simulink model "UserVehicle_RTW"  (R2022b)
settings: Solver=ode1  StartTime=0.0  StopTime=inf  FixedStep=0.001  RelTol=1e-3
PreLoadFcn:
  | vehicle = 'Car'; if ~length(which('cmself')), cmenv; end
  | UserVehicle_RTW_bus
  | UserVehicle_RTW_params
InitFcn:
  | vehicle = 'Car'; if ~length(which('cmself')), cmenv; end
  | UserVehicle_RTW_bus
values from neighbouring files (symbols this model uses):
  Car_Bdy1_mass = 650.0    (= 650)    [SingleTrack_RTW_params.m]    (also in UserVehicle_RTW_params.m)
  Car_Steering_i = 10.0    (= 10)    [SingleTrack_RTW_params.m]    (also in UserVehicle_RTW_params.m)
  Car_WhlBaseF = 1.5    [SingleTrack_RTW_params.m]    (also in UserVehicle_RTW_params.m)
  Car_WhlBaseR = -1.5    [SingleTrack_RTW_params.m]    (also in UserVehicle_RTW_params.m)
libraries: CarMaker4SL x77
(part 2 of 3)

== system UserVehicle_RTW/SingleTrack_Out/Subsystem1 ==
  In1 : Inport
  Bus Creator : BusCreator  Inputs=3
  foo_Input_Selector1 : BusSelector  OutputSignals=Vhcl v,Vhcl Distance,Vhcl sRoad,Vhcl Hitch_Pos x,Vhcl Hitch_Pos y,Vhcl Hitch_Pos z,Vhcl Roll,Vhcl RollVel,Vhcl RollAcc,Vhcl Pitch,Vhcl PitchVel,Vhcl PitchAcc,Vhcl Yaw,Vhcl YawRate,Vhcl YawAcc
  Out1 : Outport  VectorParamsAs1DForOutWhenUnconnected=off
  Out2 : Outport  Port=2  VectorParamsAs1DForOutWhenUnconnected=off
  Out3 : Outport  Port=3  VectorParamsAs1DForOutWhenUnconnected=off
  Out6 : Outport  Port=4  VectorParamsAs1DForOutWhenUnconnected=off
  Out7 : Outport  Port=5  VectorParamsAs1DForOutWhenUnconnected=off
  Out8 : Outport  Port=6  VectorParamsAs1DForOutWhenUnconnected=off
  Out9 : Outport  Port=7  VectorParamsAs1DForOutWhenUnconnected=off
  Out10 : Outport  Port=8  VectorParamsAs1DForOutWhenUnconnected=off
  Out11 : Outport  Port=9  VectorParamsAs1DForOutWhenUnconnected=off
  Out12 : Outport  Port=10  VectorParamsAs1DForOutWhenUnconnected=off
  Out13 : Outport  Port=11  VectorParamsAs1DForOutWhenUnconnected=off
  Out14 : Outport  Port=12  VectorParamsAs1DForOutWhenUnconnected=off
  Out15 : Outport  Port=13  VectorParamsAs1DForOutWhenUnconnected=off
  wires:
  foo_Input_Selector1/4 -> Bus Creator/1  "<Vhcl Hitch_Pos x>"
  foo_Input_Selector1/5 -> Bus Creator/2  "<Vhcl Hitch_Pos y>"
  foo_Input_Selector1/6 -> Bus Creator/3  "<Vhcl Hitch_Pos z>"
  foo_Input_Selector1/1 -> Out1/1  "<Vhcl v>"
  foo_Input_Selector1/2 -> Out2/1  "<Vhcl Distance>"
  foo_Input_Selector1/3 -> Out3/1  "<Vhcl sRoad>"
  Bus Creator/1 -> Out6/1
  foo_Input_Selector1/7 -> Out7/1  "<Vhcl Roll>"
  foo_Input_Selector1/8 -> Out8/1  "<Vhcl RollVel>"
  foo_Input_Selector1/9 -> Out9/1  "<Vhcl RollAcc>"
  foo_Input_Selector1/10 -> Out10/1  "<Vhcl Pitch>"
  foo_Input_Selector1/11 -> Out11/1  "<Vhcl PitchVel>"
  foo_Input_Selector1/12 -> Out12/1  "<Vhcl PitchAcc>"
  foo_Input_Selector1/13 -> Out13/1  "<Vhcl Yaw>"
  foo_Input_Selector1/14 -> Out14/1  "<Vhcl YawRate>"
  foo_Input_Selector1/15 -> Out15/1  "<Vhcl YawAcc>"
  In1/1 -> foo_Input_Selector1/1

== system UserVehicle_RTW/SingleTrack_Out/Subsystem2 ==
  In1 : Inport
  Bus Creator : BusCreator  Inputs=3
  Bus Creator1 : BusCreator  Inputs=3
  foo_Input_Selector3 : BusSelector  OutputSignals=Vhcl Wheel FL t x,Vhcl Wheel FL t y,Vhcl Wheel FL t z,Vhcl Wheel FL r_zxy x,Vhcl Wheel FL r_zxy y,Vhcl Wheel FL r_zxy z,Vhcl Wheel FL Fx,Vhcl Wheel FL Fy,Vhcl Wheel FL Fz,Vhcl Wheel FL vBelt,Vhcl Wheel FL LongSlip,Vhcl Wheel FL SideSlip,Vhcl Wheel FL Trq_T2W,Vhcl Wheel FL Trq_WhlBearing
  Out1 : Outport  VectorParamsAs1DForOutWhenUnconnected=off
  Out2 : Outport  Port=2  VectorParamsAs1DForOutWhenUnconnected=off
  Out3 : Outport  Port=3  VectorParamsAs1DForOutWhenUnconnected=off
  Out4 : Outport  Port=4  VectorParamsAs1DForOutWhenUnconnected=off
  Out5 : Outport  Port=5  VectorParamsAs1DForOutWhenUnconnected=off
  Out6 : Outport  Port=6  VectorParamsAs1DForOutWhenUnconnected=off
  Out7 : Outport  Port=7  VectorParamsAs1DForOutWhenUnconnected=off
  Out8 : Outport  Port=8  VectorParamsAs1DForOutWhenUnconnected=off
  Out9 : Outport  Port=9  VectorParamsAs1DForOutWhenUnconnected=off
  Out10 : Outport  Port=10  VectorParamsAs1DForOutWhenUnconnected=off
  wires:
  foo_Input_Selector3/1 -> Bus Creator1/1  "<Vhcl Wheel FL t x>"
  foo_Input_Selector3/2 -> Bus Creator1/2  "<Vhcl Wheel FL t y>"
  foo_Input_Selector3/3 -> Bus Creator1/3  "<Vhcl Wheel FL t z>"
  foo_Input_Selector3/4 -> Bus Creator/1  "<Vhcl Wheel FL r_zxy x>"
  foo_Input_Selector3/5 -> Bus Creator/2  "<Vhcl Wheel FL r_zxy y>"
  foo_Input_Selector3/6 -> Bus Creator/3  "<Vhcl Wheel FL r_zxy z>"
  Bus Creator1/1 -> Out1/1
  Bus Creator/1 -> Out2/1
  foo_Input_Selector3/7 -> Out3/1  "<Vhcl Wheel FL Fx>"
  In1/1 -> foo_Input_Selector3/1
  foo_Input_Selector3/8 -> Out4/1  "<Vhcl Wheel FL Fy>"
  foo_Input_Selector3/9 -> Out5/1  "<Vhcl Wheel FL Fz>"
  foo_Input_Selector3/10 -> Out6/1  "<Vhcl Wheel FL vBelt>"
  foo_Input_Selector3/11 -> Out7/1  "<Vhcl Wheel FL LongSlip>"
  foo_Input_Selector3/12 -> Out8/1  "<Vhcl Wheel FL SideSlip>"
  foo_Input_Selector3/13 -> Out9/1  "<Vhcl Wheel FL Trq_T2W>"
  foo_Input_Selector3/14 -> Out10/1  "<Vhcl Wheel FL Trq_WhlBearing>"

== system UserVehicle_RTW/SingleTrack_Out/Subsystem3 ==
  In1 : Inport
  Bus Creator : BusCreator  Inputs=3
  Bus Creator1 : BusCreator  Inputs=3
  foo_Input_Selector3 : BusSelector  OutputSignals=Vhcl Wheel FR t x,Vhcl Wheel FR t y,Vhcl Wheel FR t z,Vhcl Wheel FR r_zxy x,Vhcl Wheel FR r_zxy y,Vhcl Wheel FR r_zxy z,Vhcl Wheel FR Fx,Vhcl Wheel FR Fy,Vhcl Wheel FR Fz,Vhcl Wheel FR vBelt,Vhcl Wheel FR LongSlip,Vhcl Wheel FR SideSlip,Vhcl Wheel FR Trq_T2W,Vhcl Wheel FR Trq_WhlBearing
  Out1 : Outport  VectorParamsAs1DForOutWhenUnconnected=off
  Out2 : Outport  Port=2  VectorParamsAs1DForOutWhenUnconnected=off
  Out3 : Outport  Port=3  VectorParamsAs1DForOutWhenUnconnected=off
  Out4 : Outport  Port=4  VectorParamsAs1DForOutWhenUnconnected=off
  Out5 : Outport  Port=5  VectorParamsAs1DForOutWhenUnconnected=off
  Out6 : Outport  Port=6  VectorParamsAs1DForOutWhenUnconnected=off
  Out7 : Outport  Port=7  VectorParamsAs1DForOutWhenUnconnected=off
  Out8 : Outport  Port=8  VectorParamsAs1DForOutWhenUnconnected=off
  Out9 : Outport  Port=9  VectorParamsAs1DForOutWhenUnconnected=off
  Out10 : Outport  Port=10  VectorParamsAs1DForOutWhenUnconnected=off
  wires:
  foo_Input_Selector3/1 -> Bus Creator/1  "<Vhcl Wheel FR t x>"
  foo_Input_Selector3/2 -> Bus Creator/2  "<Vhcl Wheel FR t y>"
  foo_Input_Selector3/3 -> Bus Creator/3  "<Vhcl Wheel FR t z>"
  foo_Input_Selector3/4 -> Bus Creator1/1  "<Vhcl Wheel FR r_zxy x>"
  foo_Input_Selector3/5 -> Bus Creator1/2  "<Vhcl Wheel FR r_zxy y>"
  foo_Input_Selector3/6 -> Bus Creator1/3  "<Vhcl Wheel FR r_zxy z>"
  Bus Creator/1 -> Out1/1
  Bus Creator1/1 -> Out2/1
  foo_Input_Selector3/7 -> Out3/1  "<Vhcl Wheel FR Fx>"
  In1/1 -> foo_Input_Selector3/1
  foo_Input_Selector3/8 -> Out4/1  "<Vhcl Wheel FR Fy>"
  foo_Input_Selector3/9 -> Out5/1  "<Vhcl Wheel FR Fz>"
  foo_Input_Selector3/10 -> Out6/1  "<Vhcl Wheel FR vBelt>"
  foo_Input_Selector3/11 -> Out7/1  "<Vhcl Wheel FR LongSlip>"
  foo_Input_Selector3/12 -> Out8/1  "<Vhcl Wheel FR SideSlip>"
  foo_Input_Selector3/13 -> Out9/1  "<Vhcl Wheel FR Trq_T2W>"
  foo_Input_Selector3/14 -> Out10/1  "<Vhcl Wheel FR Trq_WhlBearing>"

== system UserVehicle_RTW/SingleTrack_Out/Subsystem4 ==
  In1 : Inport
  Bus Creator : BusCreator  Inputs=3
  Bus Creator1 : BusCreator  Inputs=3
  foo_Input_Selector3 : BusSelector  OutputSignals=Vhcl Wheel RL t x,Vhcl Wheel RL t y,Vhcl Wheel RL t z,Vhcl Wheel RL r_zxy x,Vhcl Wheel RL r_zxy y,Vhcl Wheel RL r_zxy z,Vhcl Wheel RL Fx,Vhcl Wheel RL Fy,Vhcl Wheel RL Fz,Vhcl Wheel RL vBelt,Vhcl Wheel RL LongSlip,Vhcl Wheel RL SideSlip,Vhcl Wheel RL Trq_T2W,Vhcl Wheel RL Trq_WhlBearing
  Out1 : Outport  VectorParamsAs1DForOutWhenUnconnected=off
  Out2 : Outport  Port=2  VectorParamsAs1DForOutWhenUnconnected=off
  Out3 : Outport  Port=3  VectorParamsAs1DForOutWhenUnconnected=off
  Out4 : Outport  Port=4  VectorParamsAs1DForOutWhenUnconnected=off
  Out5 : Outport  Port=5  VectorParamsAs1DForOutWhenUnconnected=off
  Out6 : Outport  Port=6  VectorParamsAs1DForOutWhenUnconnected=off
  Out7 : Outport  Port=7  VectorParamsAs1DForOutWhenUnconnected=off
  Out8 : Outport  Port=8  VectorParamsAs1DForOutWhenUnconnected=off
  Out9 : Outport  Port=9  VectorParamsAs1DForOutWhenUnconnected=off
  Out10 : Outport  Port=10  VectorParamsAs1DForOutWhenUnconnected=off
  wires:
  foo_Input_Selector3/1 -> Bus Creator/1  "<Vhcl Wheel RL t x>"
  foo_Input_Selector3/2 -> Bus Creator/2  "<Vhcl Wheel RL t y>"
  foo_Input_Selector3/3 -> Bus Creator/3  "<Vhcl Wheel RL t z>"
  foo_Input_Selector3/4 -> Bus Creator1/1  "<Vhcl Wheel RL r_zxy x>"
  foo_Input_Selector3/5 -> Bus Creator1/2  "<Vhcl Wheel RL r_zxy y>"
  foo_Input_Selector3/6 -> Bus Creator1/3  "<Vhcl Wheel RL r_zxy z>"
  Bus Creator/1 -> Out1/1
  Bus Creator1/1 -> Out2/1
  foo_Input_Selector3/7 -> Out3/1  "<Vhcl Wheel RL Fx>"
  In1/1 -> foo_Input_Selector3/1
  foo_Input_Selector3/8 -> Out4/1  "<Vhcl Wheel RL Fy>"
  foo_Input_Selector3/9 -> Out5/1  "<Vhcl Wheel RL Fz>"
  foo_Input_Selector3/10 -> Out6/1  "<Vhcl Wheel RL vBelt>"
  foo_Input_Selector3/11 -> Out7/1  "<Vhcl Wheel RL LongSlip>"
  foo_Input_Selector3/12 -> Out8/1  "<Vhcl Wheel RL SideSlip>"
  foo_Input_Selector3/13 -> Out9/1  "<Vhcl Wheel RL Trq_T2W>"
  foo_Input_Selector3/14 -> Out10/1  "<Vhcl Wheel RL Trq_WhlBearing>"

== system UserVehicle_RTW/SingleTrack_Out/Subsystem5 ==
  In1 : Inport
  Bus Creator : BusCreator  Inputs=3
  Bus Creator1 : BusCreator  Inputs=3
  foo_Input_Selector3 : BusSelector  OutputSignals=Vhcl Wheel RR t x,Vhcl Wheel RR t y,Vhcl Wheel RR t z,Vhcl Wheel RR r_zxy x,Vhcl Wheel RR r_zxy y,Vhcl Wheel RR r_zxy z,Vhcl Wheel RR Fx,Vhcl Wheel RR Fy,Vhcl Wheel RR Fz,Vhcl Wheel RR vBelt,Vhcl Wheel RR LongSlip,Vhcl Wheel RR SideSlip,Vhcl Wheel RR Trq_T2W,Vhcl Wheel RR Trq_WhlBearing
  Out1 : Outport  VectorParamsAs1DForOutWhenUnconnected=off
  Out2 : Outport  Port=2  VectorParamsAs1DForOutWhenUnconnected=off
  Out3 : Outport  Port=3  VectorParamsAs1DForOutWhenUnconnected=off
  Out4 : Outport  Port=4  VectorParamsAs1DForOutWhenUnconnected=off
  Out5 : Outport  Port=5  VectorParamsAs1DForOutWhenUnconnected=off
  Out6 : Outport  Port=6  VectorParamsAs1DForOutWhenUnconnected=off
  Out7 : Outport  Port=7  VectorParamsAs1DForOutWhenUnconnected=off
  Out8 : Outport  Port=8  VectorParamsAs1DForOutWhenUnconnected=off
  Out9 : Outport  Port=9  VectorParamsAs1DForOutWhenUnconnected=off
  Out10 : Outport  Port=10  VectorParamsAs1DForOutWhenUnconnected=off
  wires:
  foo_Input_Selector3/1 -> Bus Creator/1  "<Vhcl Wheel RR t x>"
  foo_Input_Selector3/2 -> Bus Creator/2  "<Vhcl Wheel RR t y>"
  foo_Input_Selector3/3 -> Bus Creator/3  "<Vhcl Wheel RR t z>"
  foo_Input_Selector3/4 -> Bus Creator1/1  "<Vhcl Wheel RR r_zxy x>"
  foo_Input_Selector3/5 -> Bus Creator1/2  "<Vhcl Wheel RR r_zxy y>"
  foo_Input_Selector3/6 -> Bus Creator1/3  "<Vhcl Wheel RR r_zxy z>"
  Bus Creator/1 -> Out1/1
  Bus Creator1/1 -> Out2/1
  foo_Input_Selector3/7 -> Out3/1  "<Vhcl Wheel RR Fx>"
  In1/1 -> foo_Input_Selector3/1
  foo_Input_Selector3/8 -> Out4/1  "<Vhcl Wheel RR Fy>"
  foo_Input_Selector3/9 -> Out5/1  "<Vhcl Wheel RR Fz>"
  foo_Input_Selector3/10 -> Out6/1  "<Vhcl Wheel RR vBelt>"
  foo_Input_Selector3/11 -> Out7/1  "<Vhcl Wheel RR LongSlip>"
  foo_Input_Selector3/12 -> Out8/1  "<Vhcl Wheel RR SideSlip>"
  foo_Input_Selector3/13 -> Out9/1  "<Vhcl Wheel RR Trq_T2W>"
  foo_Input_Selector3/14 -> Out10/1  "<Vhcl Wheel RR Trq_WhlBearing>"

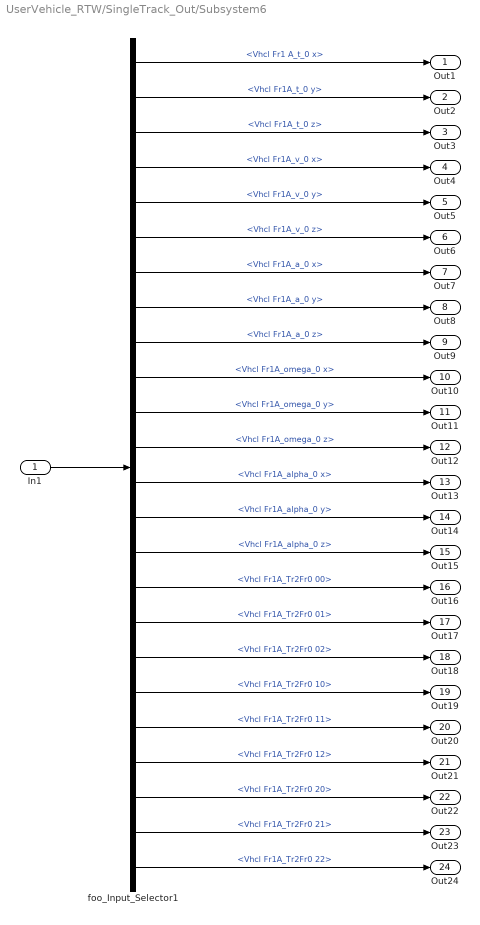
== system UserVehicle_RTW/SingleTrack_Out/Subsystem6 ==
  In1 : Inport
  foo_Input_Selector1 : BusSelector  OutputSignals=Vhcl Fr1 A_t_0 x,Vhcl Fr1A_t_0 y,Vhcl Fr1A_t_0 z,Vhcl Fr1A_v_0 x,Vhcl Fr1A_v_0 y,Vhcl Fr1A_v_0 z,Vhcl Fr1A_a_0 x,Vhcl Fr1A_a_0 y,Vhcl Fr1A_a_0 z,Vhcl Fr1A_omega_0 x,Vhcl Fr1A_omega_0 y,Vhcl Fr1A_omega_0 z,Vhcl Fr1A_alpha_0 x,Vhcl Fr1A_alpha_0 y,Vhcl Fr1A_alpha_0 z,Vhcl Fr1A_Tr2Fr0 00,Vhcl Fr1A_Tr2Fr0 01,Vhcl Fr1A_Tr2Fr0 02,Vhcl Fr1A_Tr2Fr0 10,Vhcl Fr1A_Tr2Fr0 11,Vhcl Fr1A_Tr2Fr0 12,Vhcl Fr1A_Tr2Fr0 20,Vhcl Fr1A_Tr2Fr0 21,Vhcl Fr1A_Tr2Fr0 22
  Out1 : Outport  VectorParamsAs1DForOutWhenUnconnected=off
  Out2 : Outport  Port=2  VectorParamsAs1DForOutWhenUnconnected=off
  Out3 : Outport  Port=3  VectorParamsAs1DForOutWhenUnconnected=off
  Out4 : Outport  Port=4  VectorParamsAs1DForOutWhenUnconnected=off
  Out5 : Outport  Port=5  VectorParamsAs1DForOutWhenUnconnected=off
  Out6 : Outport  Port=6  VectorParamsAs1DForOutWhenUnconnected=off
  Out7 : Outport  Port=7  VectorParamsAs1DForOutWhenUnconnected=off
  Out8 : Outport  Port=8  VectorParamsAs1DForOutWhenUnconnected=off
  Out9 : Outport  Port=9  VectorParamsAs1DForOutWhenUnconnected=off
  Out10 : Outport  Port=10  VectorParamsAs1DForOutWhenUnconnected=off
  Out11 : Outport  Port=11  VectorParamsAs1DForOutWhenUnconnected=off
  Out12 : Outport  Port=12  VectorParamsAs1DForOutWhenUnconnected=off
  Out13 : Outport  Port=13  VectorParamsAs1DForOutWhenUnconnected=off
  Out14 : Outport  Port=14  VectorParamsAs1DForOutWhenUnconnected=off
  Out15 : Outport  Port=15  VectorParamsAs1DForOutWhenUnconnected=off
  Out16 : Outport  Port=16  VectorParamsAs1DForOutWhenUnconnected=off
  Out17 : Outport  Port=17  VectorParamsAs1DForOutWhenUnconnected=off
  Out18 : Outport  Port=18  VectorParamsAs1DForOutWhenUnconnected=off
  Out19 : Outport  Port=19  VectorParamsAs1DForOutWhenUnconnected=off
  Out20 : Outport  Port=20  VectorParamsAs1DForOutWhenUnconnected=off
  Out21 : Outport  Port=21  VectorParamsAs1DForOutWhenUnconnected=off
  Out22 : Outport  Port=22  VectorParamsAs1DForOutWhenUnconnected=off
  Out23 : Outport  Port=23  VectorParamsAs1DForOutWhenUnconnected=off
  Out24 : Outport  Port=24  VectorParamsAs1DForOutWhenUnconnected=off
  wires:
  foo_Input_Selector1/24 -> Out24/1  "<Vhcl Fr1A_Tr2Fr0 22>"
  foo_Input_Selector1/23 -> Out23/1  "<Vhcl Fr1A_Tr2Fr0 21>"
  foo_Input_Selector1/22 -> Out22/1  "<Vhcl Fr1A_Tr2Fr0 20>"
  foo_Input_Selector1/21 -> Out21/1  "<Vhcl Fr1A_Tr2Fr0 12>"
  foo_Input_Selector1/20 -> Out20/1  "<Vhcl Fr1A_Tr2Fr0 11>"
  foo_Input_Selector1/19 -> Out19/1  "<Vhcl Fr1A_Tr2Fr0 10>"
  foo_Input_Selector1/18 -> Out18/1  "<Vhcl Fr1A_Tr2Fr0 02>"
  foo_Input_Selector1/17 -> Out17/1  "<Vhcl Fr1A_Tr2Fr0 01>"
  foo_Input_Selector1/16 -> Out16/1  "<Vhcl Fr1A_Tr2Fr0 00>"
  In1/1 -> foo_Input_Selector1/1
  foo_Input_Selector1/1 -> Out1/1  "<Vhcl Fr1 A_t_0 x>"
  foo_Input_Selector1/2 -> Out2/1  "<Vhcl Fr1A_t_0 y>"
  foo_Input_Selector1/3 -> Out3/1  "<Vhcl Fr1A_t_0 z>"
  foo_Input_Selector1/4 -> Out4/1  "<Vhcl Fr1A_v_0 x>"
  foo_Input_Selector1/5 -> Out5/1  "<Vhcl Fr1A_v_0 y>"
  foo_Input_Selector1/6 -> Out6/1  "<Vhcl Fr1A_v_0 z>"
  foo_Input_Selector1/7 -> Out7/1  "<Vhcl Fr1A_a_0 x>"
  foo_Input_Selector1/8 -> Out8/1  "<Vhcl Fr1A_a_0 y>"
  foo_Input_Selector1/9 -> Out9/1  "<Vhcl Fr1A_a_0 z>"
  foo_Input_Selector1/10 -> Out10/1  "<Vhcl Fr1A_omega_0 x>"
  foo_Input_Selector1/11 -> Out11/1  "<Vhcl Fr1A_omega_0 y>"
  foo_Input_Selector1/12 -> Out12/1  "<Vhcl Fr1A_omega_0 z>"
  foo_Input_Selector1/13 -> Out13/1  "<Vhcl Fr1A_alpha_0 x>"
  foo_Input_Selector1/14 -> Out14/1  "<Vhcl Fr1A_alpha_0 y>"
  foo_Input_Selector1/15 -> Out15/1  "<Vhcl Fr1A_alpha_0 z>"

== system UserVehicle_RTW/UserVehicle/CreateBus Car.Hitch.FrcTrq ==
  Bus Creator : BusCreator  Inputs=6
  Constant{1..2,7..10} (6 alike) : Constant  Value=0
  Demux7 : Demux  Outputs=6
      settings: DisplayOption=none
  Mux1 : Mux  Inputs=6
  Car.Hitch.FrcTrq : Outport  VectorParamsAs1DForOutWhenUnconnected=off
  wires:
  Demux7/1 -> Bus Creator/1  "Car Hitch Frc2Car x"
  Demux7/2 -> Bus Creator/2  "Car Hitch Frc2Car y"
  Demux7/3 -> Bus Creator/3  "Car Hitch Frc2Car z"
  Demux7/4 -> Bus Creator/4  "Car Hitch Trq2Car x"
  Demux7/5 -> Bus Creator/5  "Car Hitch Trq2Car y"
  Demux7/6 -> Bus Creator/6  "Car Hitch Trq2Car z"
  Bus Creator/1 -> Car.Hitch.FrcTrq/1
  Mux1/1 -> Demux7/1
  Constant8/1 -> Mux1/2
  Constant9/1 -> Mux1/3
  Constant10/1 -> Mux1/4
  Constant7/1 -> Mux1/1
  Constant2/1 -> Mux1/5
  Constant1/1 -> Mux1/6

== system UserVehicle_RTW/UserVehicle/CreateBus Vhcl.Fr1 ==
  Vhcl.Fr1_In : Inport
  BdyFrame2Vhcl.Fr1A : Subsystem
  Ground : Ground
  Ground1 : Ground
  Tr2Fr0 : Subsystem
  a_0 : Subsystem
  t_0 : Subsystem
  v_0 : Subsystem
  Vhcl.Fr1A : Outport  VectorParamsAs1DForOutWhenUnconnected=off
  wires:
  BdyFrame2Vhcl.Fr1A/1(Vhcl.Fr1) -> Vhcl.Fr1A/1
  Vhcl.Fr1_In/1 -> a_0/1(Car), v_0/1(Car), t_0/1(Car), Tr2Fr0/1(Car)
  Tr2Fr0/1(Tr2Fr0) -> v_0/2(Tr2Fr0), a_0/2(Tr2Fr0), BdyFrame2Vhcl.Fr1A/6(Tr2Fr0)
  t_0/1(t_0) -> BdyFrame2Vhcl.Fr1A/1(t_0)
  v_0/1(v_0) -> BdyFrame2Vhcl.Fr1A/2(v_0)
  a_0/1(a_0) -> BdyFrame2Vhcl.Fr1A/3(a_0)
  Ground1/1 -> BdyFrame2Vhcl.Fr1A/4(omega_0)
  Ground/1 -> BdyFrame2Vhcl.Fr1A/5(alpha_0)

== system UserVehicle_RTW/UserVehicle/CreateBus Vhcl.Misc ==
  In1 : Inport
  Bus Creator5 : BusCreator  Inputs=11
  Demux5 : Demux  Outputs=11
      settings: DisplayOption=none
  Out1 : Outport  VectorParamsAs1DForOutWhenUnconnected=off
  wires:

- The problem: Gather, from the listing above, every line carrying the word "PitchVel".

- Task result:
  foo_Input_Selector1 : BusSelector  OutputSignals=Vhcl v,Vhcl Distance,Vhcl sRoad,Vhcl Hitch_Pos x,Vhcl Hitch_Pos y,Vhcl Hitch_Pos z,Vhcl Roll,Vhcl RollVel,Vhcl RollAcc,Vhcl Pitch,Vhcl PitchVel,Vhcl PitchAcc,Vhcl Yaw,Vhcl YawRate,Vhcl YawAcc
  foo_Input_Selector1/11 -> Out11/1  "<Vhcl PitchVel>"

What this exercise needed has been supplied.